Drool, Dribble & Slaver on Vigan Cuisine

The color, look, texture and taste of dishes of a certain region is an excellent way to depict the richness of its culture.  A local cuisine can tell a lot about a place’s unique character.  Say for instance, what food ingredients are rampant in their area, what implements and raw materials are readily available, what type of weather does the place often encounters, and what does the majority of the population’s palatal preference.

During my recent trip to Vigan City in Ilocos Sur (9-hour bus ride away from Manila), I was fortunate to have experienced a delectable treat! From scary black dish to creepy beef innards to comforting sweet indulgences.  Food choices – with very weird sounding names – from Vigan’s local cuisine though seem extensive are so unique and so exclusive that such are rarely found and hardly served in popular restaurants in Manila or elsewhere. 

I opted not to describe the palatal experience I had for each one of these dishes.  I rather settle posting photos of it.  One thing though is for sure, these dishes will not make it to this post if it is disappointing or something to forget about.

I can definitely say that my Vigan food exploit was a totally different yet enriching culinary experience.

Drool…

Deconstructed Dinengdeng (native vegetables in simmered fish bagoong soup topped with grilled fish)

Poqui-poqui (grilled eggplant salad omelette)

Dribble…

Sapsapuriket (spicy chicken stewed in chicken blood stew served with potato chips)

the jewel of region’s cuisine is called Ilocos Empanada

And slaver…

ordered this at Cafe Leona — the classic Vigan Platter (composed of Vigan Longganisa, Bagnet, Daing na Milk Fish plus Vegetable Pinakbet and Ilocos Bagoong with Onions & Tomatoes as Sawsawan)

Chicacorn! (the greatest Ilocano snack)

Balicucha (the sweet handmade muscovado sugar curly bar of the province)

Hotel Luna’s Sapsapuriket

Kicking modesty aside and based on my sense of taste’s practical background of experience, I think I have reason enough to say that I have the authority to judge if a Dinuguan is excellent, atrocious or just passable. Dinuguan is a savage Filipino dish known as pork blood stew!
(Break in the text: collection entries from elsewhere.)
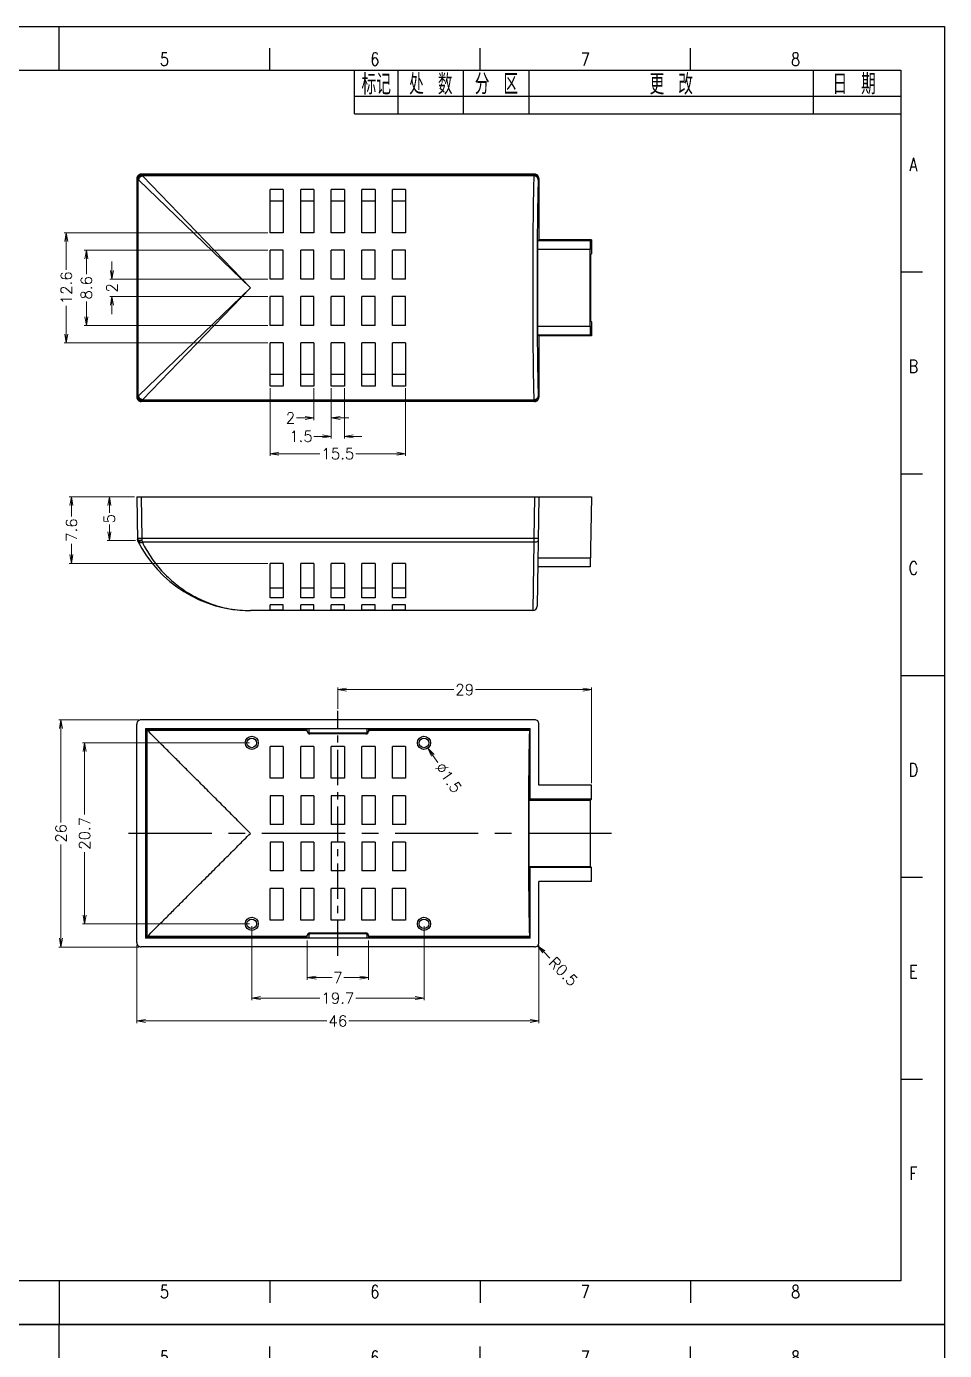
# Model space of a CAD drawing. Header units: millimetres. Extents: x 1589 to 1799, y 308 to 605.
# Drawn here: x 1693.6 to 1798.6, y 453.5 to 605 of the extents above; entities that cross this region are included whole.
import ezdxf
from ezdxf.enums import TextEntityAlignment as Align

# ---------------------------------------------------------------- set-up
doc = ezdxf.new("R2010")
doc.units = ezdxf.units.MM
doc.linetypes.add('CENTER', pattern=[50.8, 31.75, -6.35, 6.35, -6.35])
doc.layers.add('dim', color=82, linetype='Continuous', lineweight=9)
doc.layers.add('LABEL', color=7, linetype='Continuous')
doc.styles.add('ROMANS', font='romans.shx', dxfattribs={"bigfont": 'gbcbig.shx'})
doc.styles.add('tukuang1-G', font='romans.shx', dxfattribs={"width": 0.8, "bigfont": 'gbcbig.shx'})
doc.dimstyles.new('YanXiu', dxfattribs={"dimtxt": 2.5, "dimasz": 2.2, "dimexe": 0.66, "dimexo": 0.66, "dimgap": 0.66, "dimtad": 0, "dimdsep": 46, "dimtxsty": 'ROMANS', "dimblk": 'OPEN', "dimcen": 0, "dimclrd": 256, "dimclre": 131, "dimclrt": 42, "dimazin": 2, "dimtfac": 1, "dimtofl": 0, "dimtmove": 0, "dimatfit": 3, "dimldrblk": 'OPEN', "dimfxl": 0.66, "dimlwd": 5, "dimlwe": 5, "dimarcsym": 0})

# ---------------------------------------------------------------- blocks, each defined once
blk = doc.blocks.new('LINE1')
at = {"layer": 'LABEL'}
for p, q in [((-125, -6), (-125, 0)), ((-115, -6), (-115, 0)), ((-100, -6), (-100, 0)), ((-85, -6), (-85, 0)), ((-20, -6), (-20, 0)), ((0, -6), (-125, -6))]:
    blk.add_line(p, q, dxfattribs=at)
at = {"layer": 'LABEL', "style": 'tukuang1-G'}
for s, p in [('标记', (-120, -3)), ('处 数', (-107.5, -3)), ('分 区', (-92.5, -3)), ('更 改', (-52.5, -3)), ('日 期', (-10.67, -3))]:
    blk.add_text(s, height=4.667, dxfattribs=at).set_placement(p, align=Align.MIDDLE)
blk = doc.blocks.new('LABEL-X')
at = {"layer": 'LABEL'}
for p, q in [((-2.54, 50), (2.9, 50)), ((0, -50), (0, 50)), ((-2.35, -50), (2.8, -50))]:
    blk.add_line(p, q, dxfattribs=at)
for centre, radius in [((0, 40), 3), ((0, 40), 2.5), ((0, -40), 3), ((0, -40), 2.5)]:
    blk.add_circle(centre, radius, dxfattribs=at)
blk = doc.blocks.new('*U9')
at = {"layer": 'LABEL'}
for p, q in [((-420, 0), (-420, 297)), ((-420, 297), (0, 297)), ((-202.5, 287), (-202.5, 297)), ((0, 297), (0, 0)), ((-346.87, 287), (-346.87, 292)), ((-298.75, 287), (-298.75, 292)), ((-250.62, 287), (-250.62, 292)), ((-202.5, 287), (-202.5, 292)), ((-154.37, 287), (-154.37, 292)), ((-106.25, 287), (-106.25, 292)), ((-58.12, 287), (-58.12, 292)), ((-395, 287), (-10, 287)), ((-395, 10), (-395, 287)), ((-10, 287), (-10, 10)), ((-395, 240.83), (-400, 240.83)), ((-10, 240.83), (-5, 240.83)), ((-395, 194.67), (-400, 194.67)), ((-10, 194.67), (-5, 194.67)), ((-395, 148.5), (-420, 148.5)), ((-395, 148.5), (-400, 148.5)), ((-10, 148.5), (0, 148.5)), ((-10, 148.5), (-5, 148.5)), ((-395, 102.33), (-400, 102.33)), ((-10, 102.33), (-5, 102.33)), ((-395, 56.17), (-400, 56.17)), ((-10, 56.17), (-5, 56.17)), ((-10, 10), (-395, 10)), ((-346.87, 10), (-346.87, 5)), ((-298.75, 10), (-298.75, 5)), ((-250.62, 10), (-250.62, 5)), ((-202.5, 10), (-202.5, 0)), ((-202.5, 10), (-202.5, 5)), ((-154.37, 10), (-154.37, 5)), ((-106.25, 10), (-106.25, 5)), ((-58.12, 10), (-58.12, 5)), ((0, 0), (-420, 0))]:
    blk.add_line(p, q, dxfattribs=at)
blk.add_blockref('LABEL-X', (-407.5, 148.5))
blk.add_blockref('LINE1', (-10, 287), dxfattribs=at)
at = {"layer": 'LABEL', "style": 'tukuang1-G', "width": 0.8}
for s, p in [('1', (-370.94, 288)), ('2', (-322.81, 288)), ('3', (-274.69, 288)), ('4', (-226.56, 288)), ('5', (-178.44, 288)), ('6', (-130.31, 288)), ('7', (-82.19, 288)), ('8', (-34.06, 288)), ('A', (-397.39, 263.92)), ('A', (-7.13, 263.92)), ('B', (-397.39, 217.75)), ('B', (-7.13, 217.75)), ('C', (-397.39, 171.58)), ('C', (-7.13, 171.58)), ('D', (-397.39, 125.42)), ('D', (-7.13, 125.42)), ('E', (-397.39, 79.25)), ('E', (-7.13, 79.25)), ('F', (-397.39, 33.08)), ('F', (-7.13, 33.08)), ('1', (-370.94, 6.02)), ('2', (-322.81, 6.02)), ('3', (-274.69, 6.02)), ('4', (-226.56, 6.02)), ('5', (-178.44, 6.02)), ('6', (-130.31, 6.02)), ('7', (-82.19, 6.02)), ('8', (-34.06, 6.02))]:
    blk.add_text(s, height=3, dxfattribs=at).set_placement(p, align=Align.CENTER)
blk = doc.blocks.new('MODIFY')
at = {"layer": 'LABEL'}
for p, q in [((-125, -4), (-125, 0)), ((-115, -4), (-115, 0)), ((-100, -4), (-100, 0)), ((-85, -4), (-85, 0)), ((-20, -4), (-20, 0)), ((-125, -4), (0, -4))]:
    blk.add_line(p, q, dxfattribs=at)
at = {"layer": 'LABEL', "style": 'tukuang1-G', "width": 0.8}
for tag, p in [('标记', (-120, -2)), ('处数', (-107.5, -2)), ('分区', (-92.5, -2)), ('更改', (-52.5, -2)), ('日期', (-10.67, -2))]:
    blk.add_attdef(tag, text='', height=2.5, dxfattribs=at).set_placement(p, align=Align.MIDDLE_CENTER)
blk = doc.blocks.new('_OPEN')
at = {"color": 0, "linetype": 'ByBlock'}
for p, q in [((-1, 0.17), (0, 0)), ((0, 0), (-1, -0.17)), ((0, 0), (-1, 0))]:
    blk.add_line(p, q, dxfattribs=at)
blk = doc.blocks.new('*D16')
at = {"layer": 'Defpoints', "color": 0}
for p in [(1706.22, 500.18), (1752.22, 500.18), (1706.22, 491.22)]:
    blk.add_point(p, dxfattribs=at)
at = {"layer": 'dim', "color": 131, "lineweight": 5}
for p, q in [((1706.22, 499.93), (1706.22, 490.97)), ((1752.22, 499.93), (1752.22, 490.97))]:
    blk.add_line(p, q, dxfattribs=at)
at = {"layer": 'dim', "lineweight": 5}
for p, q in [((1707.22, 491.22), (1727.96, 491.22)), ((1751.22, 491.22), (1730.48, 491.22))]:
    blk.add_line(p, q, dxfattribs=at)
at = {"layer": 'dim', "lineweight": 5, "rotation": 180}
blk.add_blockref('_OPEN', (1706.22, 491.22), dxfattribs=at)
at = {"layer": 'dim', "lineweight": 5}
blk.add_blockref('_OPEN', (1752.22, 491.22), dxfattribs=at)
at = {"layer": 'dim', "color": 42, "insert": (1729.22, 491.22), "char_height": 1.25, "attachment_point": 5, "style": 'ROMANS'}
blk.add_mtext('46', dxfattribs=at)
blk = doc.blocks.new('*D17')
at = {"layer": 'Defpoints', "color": 0}
for p in [(1751.72, 500.18), (1752.07, 499.83)]:
    blk.add_point(p, dxfattribs=at)
at = {"layer": 'dim', "lineweight": 5}
blk.add_line((1753.48, 498.41), (1752.78, 499.12), dxfattribs=at)
at = {"layer": 'dim', "lineweight": 5, "rotation": 134.8406811125157}
blk.add_blockref('_OPEN', (1752.07, 499.83), dxfattribs=at)
at = {"layer": 'dim', "color": 42, "insert": (1755, 496.88), "char_height": 1.25, "attachment_point": 5, "rotation": 314.8407, "style": 'ROMANS'}
blk.add_mtext('R0.5', dxfattribs=at)
blk = doc.blocks.new('*D29')
at = {"layer": 'Defpoints', "color": 0}
for p in [(1719.37, 523.03), (1700.25, 502.33), (1719.37, 502.33)]:
    blk.add_point(p, dxfattribs=at)
at = {"layer": 'dim', "color": 131, "lineweight": 5}
for p, q in [((1719.12, 523.03), (1700, 523.03)), ((1719.12, 502.33), (1700, 502.33))]:
    blk.add_line(p, q, dxfattribs=at)
at = {"layer": 'dim', "lineweight": 5}
for p, q in [((1700.25, 522.03), (1700.25, 514.84)), ((1700.25, 503.33), (1700.25, 510.53))]:
    blk.add_line(p, q, dxfattribs=at)
for p, rotation in [((1700.25, 523.03), 90), ((1700.25, 502.33), 270)]:
    blk.add_blockref('_OPEN', p, dxfattribs=dict(at, rotation=rotation))
at = {"layer": 'dim', "color": 42, "insert": (1700.25, 512.68), "char_height": 1.25, "attachment_point": 5, "rotation": 90, "style": 'ROMANS'}
blk.add_mtext('20.7', dxfattribs=at)
blk = doc.blocks.new('*D30')
at = {"layer": 'Defpoints', "color": 0}
for p in [(1729.22, 529.12), (1729.22, 526.68), (1758.22, 518.18)]:
    blk.add_point(p, dxfattribs=at)
at = {"layer": 'dim', "color": 131, "lineweight": 5}
for p, q in [((1729.22, 526.93), (1729.22, 529.37)), ((1758.22, 518.43), (1758.22, 529.37))]:
    blk.add_line(p, q, dxfattribs=at)
at = {"layer": 'dim', "lineweight": 5}
for p, q in [((1730.22, 529.12), (1742.49, 529.12)), ((1757.22, 529.12), (1744.95, 529.12))]:
    blk.add_line(p, q, dxfattribs=at)
at = {"layer": 'dim', "lineweight": 5, "rotation": 180}
blk.add_blockref('_OPEN', (1729.22, 529.12), dxfattribs=at)
at = {"layer": 'dim', "lineweight": 5}
blk.add_blockref('_OPEN', (1758.22, 529.12), dxfattribs=at)
at = {"layer": 'dim', "color": 42, "insert": (1743.72, 529.12), "char_height": 1.25, "attachment_point": 5, "style": 'ROMANS'}
blk.add_mtext('29', dxfattribs=at)
blk = doc.blocks.new('*D31')
at = {"layer": 'Defpoints', "color": 0}
for p in [(1719.37, 502.33), (1739.07, 502.33), (1719.37, 493.83)]:
    blk.add_point(p, dxfattribs=at)
at = {"layer": 'dim', "color": 131, "lineweight": 5}
for p, q in [((1719.37, 502.08), (1719.37, 493.59)), ((1739.07, 502.08), (1739.07, 493.59))]:
    blk.add_line(p, q, dxfattribs=at)
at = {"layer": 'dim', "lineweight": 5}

I am saying this because I know what an excellent Dinuguan tastes like.  I just happen to be the son of the best Dinuguan maker on the planet.  Nengkoy’s Dinuguan is so delicious, this ferocious-looking dish would often be one of the most requested part of our family’s handa (food served during special occasions).

sapsapuriket

looks scary… yum!

My recent visit to the City of Vigan in Ilocos Sur exposed me however to a different variety of a Dinuguan.  Locals call it Sapsapuriket!  It is a blood stew variety in which the meat is not pork but the tasty cage-free native chicken. And the blood used to make the stew was not pig’s blood but from the fowl’s fluid that runs through its veins and arteries (Hahaha!).

I was fortunate that my first time eating of the savage Sapsapuriket was in Comedor, the restaurant outlet of the well-esteemed Hotel Luna in Vigan.  One would know that Hotel Luna’s Sapsapuriket is special, for it is served with potato cracklings instead of the usual rice. The hotel’s style of pairing the dish with potato chips was actually a success.  Texture on the palate plus tangy flavor of the pair was something to praise about!

comedor… dining at hotel luna

loved my short stay in vigan (inside a souvenir shop)

I am writing about Sapsapuriket, the Dinuguan of the north, so I guess, this dish served by Hotel Luna’s Comedor is something to praise and look forward to when in Vigan.